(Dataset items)
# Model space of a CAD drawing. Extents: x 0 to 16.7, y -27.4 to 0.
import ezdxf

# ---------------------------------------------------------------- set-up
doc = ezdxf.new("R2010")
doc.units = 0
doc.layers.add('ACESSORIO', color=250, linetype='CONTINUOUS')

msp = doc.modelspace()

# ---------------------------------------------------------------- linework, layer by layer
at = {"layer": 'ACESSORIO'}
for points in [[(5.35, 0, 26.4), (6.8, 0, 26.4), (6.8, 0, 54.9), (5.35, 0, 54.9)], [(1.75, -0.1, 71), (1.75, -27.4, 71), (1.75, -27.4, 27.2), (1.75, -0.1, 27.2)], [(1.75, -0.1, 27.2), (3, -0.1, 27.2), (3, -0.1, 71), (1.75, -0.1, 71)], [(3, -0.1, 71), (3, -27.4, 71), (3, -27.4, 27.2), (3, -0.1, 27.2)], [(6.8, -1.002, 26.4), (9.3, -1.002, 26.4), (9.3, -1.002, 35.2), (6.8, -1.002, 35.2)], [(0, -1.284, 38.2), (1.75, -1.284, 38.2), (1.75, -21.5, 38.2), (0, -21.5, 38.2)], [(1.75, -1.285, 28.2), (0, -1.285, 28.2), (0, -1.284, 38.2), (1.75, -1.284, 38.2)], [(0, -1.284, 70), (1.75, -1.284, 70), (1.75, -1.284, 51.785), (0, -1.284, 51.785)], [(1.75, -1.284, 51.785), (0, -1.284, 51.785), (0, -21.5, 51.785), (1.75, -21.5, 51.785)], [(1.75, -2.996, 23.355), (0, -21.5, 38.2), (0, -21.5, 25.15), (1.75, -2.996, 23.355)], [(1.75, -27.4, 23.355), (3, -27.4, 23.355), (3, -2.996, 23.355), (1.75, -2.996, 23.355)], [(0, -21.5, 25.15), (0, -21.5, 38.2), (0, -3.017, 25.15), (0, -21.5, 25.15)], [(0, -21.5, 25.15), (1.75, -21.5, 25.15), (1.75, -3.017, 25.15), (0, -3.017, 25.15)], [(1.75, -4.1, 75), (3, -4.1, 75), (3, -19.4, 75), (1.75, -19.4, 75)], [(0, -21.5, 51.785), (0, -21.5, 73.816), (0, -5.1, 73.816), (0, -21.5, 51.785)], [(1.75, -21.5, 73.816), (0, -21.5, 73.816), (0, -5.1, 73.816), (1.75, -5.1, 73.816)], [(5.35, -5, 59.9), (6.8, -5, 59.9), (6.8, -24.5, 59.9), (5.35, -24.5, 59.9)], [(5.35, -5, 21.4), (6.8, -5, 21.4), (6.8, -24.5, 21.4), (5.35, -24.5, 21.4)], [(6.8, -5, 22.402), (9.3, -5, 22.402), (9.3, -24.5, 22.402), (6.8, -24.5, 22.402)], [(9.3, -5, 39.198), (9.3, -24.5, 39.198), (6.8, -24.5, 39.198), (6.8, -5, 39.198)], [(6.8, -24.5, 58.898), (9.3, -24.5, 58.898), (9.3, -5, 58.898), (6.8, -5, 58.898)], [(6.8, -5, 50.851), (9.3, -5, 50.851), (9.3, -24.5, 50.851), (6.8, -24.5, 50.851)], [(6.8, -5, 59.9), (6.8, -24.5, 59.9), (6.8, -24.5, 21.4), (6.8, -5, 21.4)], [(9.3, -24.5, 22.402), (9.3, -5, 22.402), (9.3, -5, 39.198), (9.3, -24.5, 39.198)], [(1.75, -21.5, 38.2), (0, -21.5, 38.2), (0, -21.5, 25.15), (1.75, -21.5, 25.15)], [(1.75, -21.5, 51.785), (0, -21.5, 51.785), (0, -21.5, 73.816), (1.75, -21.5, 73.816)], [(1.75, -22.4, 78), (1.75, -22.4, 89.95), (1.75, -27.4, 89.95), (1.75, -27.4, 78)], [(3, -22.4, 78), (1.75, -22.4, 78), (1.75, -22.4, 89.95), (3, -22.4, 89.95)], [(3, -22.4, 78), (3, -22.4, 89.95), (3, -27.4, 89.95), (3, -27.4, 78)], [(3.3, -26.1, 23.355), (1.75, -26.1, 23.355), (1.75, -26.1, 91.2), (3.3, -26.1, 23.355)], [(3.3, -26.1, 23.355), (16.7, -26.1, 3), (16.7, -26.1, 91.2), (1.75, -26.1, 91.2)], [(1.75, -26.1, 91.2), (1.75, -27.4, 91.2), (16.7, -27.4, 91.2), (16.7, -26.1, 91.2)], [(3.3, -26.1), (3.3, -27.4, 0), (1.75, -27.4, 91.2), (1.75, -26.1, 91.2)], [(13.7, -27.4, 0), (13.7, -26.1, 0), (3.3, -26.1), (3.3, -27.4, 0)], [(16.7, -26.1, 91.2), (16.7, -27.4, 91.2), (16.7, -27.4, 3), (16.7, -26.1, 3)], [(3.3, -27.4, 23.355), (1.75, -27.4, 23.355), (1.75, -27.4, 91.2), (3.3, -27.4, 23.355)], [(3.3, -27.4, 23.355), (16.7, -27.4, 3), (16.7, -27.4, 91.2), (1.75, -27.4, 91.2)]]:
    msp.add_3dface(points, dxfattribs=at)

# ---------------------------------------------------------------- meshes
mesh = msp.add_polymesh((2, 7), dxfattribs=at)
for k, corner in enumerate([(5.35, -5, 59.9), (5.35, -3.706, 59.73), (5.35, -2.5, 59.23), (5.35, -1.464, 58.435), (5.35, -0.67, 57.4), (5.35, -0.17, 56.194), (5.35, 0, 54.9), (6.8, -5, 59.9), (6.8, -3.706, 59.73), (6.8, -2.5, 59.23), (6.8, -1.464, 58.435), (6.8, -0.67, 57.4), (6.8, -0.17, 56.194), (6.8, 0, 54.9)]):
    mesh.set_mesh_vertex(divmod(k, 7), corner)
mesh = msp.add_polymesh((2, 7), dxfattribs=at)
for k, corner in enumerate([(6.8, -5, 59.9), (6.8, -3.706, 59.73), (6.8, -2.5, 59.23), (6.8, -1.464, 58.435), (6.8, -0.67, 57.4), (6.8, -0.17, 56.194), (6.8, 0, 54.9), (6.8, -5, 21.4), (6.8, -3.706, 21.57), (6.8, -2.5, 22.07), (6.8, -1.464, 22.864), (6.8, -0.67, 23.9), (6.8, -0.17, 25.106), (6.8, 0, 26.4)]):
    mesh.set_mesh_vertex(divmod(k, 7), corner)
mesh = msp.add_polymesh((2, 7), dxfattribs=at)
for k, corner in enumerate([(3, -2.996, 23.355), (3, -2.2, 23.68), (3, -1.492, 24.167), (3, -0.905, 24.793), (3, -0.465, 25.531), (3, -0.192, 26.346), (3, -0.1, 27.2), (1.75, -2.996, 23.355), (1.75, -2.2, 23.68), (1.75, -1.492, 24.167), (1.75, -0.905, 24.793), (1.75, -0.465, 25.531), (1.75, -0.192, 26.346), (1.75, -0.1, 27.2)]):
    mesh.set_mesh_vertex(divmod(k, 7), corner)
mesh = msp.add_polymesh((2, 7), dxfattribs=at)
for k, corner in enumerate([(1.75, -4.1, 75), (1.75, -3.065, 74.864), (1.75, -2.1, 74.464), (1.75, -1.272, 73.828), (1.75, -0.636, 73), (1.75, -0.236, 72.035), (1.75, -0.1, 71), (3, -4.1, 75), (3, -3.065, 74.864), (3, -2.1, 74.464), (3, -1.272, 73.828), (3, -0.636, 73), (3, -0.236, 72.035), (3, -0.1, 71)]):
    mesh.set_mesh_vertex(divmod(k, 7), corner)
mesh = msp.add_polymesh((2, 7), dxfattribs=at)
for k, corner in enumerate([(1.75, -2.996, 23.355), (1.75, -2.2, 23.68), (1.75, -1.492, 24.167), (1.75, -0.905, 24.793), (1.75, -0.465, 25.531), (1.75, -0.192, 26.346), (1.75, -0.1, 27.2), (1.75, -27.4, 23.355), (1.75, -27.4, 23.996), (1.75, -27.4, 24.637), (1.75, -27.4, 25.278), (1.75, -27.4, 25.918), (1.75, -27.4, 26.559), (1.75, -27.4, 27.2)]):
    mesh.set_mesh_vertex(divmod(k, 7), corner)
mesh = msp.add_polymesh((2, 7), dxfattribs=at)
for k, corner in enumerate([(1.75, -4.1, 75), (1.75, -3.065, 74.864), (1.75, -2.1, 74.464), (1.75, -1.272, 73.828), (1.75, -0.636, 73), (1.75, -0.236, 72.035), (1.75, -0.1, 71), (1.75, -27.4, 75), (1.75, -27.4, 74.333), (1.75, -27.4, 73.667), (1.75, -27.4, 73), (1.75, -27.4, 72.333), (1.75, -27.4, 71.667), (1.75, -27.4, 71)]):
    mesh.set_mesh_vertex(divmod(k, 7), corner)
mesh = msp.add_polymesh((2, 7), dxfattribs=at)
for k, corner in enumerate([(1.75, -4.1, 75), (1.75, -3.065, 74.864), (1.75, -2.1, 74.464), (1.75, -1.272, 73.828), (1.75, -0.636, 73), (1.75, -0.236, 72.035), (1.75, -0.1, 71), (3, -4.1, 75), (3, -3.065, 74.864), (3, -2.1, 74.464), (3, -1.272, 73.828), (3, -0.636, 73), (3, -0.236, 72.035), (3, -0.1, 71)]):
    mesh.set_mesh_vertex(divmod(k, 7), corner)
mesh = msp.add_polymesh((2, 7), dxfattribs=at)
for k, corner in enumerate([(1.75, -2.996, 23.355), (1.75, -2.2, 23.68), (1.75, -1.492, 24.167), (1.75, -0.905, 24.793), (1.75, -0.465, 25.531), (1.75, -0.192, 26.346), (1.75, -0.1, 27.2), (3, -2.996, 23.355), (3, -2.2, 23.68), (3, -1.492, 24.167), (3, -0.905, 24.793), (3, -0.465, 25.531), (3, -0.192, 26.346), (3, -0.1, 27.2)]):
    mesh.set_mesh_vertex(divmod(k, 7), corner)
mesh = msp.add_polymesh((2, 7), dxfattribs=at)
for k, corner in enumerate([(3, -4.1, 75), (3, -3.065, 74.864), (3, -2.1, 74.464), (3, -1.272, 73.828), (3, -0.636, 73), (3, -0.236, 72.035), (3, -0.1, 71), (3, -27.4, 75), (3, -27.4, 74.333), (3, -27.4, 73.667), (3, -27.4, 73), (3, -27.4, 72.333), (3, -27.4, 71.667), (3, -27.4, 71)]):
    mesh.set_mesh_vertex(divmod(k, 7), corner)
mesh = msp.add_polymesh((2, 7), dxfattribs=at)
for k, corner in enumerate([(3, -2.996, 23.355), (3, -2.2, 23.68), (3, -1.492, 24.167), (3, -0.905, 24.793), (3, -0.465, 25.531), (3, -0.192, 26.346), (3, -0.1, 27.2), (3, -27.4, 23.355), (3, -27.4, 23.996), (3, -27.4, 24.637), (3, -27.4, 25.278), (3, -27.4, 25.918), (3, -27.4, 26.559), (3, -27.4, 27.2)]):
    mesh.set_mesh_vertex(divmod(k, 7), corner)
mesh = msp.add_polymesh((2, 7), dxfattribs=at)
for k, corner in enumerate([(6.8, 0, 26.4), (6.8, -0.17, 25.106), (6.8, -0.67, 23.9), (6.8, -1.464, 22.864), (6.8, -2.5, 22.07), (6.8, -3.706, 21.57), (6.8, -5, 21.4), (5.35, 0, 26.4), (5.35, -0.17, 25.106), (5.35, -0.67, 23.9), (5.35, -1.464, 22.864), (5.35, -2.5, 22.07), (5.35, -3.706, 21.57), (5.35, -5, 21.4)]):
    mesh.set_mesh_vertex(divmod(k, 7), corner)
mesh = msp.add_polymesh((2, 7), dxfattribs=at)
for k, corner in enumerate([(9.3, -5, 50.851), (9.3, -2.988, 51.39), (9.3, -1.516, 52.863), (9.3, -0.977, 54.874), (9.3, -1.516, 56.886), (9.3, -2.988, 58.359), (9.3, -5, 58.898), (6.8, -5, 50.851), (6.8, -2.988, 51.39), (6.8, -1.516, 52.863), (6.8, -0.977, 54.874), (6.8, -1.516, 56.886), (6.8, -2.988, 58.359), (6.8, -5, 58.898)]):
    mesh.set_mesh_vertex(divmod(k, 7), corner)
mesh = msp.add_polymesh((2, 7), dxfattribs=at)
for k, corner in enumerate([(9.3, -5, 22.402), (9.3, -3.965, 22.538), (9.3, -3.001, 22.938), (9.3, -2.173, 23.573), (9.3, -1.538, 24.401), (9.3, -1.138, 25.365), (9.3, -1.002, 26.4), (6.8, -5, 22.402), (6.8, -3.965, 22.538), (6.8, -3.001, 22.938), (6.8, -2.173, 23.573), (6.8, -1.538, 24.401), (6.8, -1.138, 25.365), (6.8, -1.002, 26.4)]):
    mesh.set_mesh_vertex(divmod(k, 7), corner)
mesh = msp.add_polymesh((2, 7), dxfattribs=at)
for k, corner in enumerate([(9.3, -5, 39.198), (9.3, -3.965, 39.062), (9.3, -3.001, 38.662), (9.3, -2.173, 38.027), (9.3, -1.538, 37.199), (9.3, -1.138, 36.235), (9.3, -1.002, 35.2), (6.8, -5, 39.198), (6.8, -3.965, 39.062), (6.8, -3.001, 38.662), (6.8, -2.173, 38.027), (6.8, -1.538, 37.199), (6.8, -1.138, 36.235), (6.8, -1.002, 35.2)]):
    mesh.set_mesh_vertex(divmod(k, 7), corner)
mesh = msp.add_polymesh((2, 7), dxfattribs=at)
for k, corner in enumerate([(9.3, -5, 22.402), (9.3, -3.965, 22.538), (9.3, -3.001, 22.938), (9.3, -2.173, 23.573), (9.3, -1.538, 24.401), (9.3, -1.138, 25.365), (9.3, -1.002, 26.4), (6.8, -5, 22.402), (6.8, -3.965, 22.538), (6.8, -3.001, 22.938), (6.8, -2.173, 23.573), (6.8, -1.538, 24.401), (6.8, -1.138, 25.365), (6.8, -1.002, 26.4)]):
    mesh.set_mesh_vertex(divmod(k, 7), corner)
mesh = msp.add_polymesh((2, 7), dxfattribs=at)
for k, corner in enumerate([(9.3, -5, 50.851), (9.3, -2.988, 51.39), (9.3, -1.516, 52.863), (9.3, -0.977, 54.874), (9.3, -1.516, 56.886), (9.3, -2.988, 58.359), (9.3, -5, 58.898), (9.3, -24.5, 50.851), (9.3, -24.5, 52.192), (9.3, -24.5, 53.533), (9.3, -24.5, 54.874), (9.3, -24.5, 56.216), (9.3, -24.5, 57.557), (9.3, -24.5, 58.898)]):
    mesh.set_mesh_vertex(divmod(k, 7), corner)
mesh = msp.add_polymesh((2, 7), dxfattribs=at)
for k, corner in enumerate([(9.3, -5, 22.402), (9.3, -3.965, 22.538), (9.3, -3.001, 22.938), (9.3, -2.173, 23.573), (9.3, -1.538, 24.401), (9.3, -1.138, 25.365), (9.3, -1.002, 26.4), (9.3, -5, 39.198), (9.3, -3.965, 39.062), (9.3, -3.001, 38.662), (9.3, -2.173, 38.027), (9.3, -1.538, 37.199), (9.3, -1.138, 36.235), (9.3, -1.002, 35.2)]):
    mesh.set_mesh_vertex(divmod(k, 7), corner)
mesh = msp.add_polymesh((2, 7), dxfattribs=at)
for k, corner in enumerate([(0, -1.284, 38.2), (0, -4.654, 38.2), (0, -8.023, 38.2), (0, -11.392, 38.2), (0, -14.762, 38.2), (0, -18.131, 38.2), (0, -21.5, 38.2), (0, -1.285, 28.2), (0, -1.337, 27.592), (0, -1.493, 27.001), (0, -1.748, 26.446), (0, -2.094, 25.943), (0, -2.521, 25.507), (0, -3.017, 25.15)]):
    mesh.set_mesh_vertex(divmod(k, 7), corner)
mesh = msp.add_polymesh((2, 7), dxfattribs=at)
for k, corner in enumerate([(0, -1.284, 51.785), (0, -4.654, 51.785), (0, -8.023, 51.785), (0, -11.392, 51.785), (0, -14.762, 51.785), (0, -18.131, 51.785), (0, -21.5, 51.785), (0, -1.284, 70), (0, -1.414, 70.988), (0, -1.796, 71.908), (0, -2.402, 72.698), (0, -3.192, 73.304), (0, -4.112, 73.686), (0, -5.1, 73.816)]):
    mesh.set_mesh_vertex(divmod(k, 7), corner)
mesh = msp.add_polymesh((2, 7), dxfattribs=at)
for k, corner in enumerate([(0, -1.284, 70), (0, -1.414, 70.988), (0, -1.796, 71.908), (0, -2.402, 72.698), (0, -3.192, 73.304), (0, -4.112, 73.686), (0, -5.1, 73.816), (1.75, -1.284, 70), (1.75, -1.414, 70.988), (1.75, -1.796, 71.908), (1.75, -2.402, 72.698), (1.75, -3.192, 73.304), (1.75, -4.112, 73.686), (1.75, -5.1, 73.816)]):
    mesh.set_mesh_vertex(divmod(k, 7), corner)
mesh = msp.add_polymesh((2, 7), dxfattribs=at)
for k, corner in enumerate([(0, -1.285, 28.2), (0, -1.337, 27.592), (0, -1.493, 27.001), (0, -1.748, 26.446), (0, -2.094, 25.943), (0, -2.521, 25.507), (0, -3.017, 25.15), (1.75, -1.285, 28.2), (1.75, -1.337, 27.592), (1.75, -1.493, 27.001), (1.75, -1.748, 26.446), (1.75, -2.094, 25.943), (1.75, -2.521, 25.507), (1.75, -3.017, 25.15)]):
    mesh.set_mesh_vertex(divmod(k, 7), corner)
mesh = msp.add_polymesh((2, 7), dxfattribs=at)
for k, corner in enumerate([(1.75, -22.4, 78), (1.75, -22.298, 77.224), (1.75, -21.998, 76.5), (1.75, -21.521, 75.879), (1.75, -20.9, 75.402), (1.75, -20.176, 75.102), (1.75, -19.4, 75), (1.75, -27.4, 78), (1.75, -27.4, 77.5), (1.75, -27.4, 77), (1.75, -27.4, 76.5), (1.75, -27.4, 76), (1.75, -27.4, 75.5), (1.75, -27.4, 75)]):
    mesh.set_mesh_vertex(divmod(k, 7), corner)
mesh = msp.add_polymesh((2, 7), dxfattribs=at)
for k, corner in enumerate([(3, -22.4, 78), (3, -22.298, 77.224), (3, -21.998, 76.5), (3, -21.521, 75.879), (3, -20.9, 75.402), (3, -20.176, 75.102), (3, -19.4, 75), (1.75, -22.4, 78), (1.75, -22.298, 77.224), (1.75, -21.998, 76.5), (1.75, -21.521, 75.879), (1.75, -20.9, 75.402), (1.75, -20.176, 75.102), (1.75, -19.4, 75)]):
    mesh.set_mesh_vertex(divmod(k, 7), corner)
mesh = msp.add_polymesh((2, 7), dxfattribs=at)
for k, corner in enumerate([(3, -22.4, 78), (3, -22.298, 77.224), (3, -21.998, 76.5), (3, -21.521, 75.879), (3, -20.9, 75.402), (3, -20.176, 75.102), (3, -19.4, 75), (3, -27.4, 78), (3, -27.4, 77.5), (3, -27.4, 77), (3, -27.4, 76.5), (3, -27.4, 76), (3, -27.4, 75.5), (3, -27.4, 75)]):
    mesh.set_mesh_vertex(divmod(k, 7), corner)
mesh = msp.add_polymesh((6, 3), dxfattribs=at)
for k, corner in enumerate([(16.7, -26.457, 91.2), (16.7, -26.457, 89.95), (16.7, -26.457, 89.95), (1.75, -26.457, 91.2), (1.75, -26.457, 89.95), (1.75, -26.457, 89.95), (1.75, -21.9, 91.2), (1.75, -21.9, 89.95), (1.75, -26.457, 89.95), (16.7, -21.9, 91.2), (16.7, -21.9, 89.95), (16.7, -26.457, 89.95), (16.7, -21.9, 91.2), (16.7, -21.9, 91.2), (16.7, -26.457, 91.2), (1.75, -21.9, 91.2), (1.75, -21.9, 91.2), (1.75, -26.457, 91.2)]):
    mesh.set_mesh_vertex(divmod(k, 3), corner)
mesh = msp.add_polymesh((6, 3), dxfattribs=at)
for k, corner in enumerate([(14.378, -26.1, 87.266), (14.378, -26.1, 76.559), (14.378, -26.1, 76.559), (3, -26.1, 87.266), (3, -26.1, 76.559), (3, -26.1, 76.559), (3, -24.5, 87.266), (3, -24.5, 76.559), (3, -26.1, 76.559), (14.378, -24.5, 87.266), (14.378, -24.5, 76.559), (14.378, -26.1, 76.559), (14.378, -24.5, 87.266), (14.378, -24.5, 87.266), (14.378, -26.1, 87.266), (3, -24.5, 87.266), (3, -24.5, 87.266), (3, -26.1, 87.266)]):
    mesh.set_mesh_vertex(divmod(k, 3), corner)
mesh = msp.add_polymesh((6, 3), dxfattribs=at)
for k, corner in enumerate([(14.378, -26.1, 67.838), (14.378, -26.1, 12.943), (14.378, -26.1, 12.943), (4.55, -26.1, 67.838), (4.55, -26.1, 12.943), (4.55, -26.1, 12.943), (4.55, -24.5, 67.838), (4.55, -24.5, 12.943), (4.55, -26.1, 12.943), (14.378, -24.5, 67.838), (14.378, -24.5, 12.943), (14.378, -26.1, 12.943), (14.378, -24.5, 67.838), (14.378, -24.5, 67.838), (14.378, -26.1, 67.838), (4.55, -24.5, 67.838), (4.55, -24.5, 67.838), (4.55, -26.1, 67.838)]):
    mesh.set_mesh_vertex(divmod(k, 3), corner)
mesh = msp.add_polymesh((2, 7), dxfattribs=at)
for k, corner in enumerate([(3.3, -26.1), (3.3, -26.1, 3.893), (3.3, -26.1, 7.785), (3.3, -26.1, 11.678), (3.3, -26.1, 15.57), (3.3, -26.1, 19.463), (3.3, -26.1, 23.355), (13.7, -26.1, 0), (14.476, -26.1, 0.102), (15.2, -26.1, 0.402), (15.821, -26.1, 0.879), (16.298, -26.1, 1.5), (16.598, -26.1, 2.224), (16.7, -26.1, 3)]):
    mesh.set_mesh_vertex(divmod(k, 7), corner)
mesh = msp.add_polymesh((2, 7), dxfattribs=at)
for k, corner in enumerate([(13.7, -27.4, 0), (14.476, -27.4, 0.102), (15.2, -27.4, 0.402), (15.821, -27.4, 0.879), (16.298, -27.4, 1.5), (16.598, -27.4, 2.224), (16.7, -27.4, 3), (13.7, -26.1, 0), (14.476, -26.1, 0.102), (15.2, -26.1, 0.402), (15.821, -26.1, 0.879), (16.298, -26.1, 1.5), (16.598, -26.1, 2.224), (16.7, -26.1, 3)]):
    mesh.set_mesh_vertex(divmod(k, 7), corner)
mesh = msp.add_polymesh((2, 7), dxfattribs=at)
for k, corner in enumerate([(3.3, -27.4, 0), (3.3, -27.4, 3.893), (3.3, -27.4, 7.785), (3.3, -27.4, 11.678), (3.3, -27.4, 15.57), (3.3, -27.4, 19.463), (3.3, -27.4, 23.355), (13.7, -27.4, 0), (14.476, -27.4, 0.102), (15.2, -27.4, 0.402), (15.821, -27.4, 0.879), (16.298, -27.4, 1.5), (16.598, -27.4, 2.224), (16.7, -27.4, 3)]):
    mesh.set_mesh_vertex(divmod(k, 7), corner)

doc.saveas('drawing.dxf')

• [Problem details]
The answer must consist of every line above that contains the word "ACESSORIO".

• [Response to this exercise]
doc.layers.add('ACESSORIO', color=250, linetype='CONTINUOUS')
at = {"layer": 'ACESSORIO'}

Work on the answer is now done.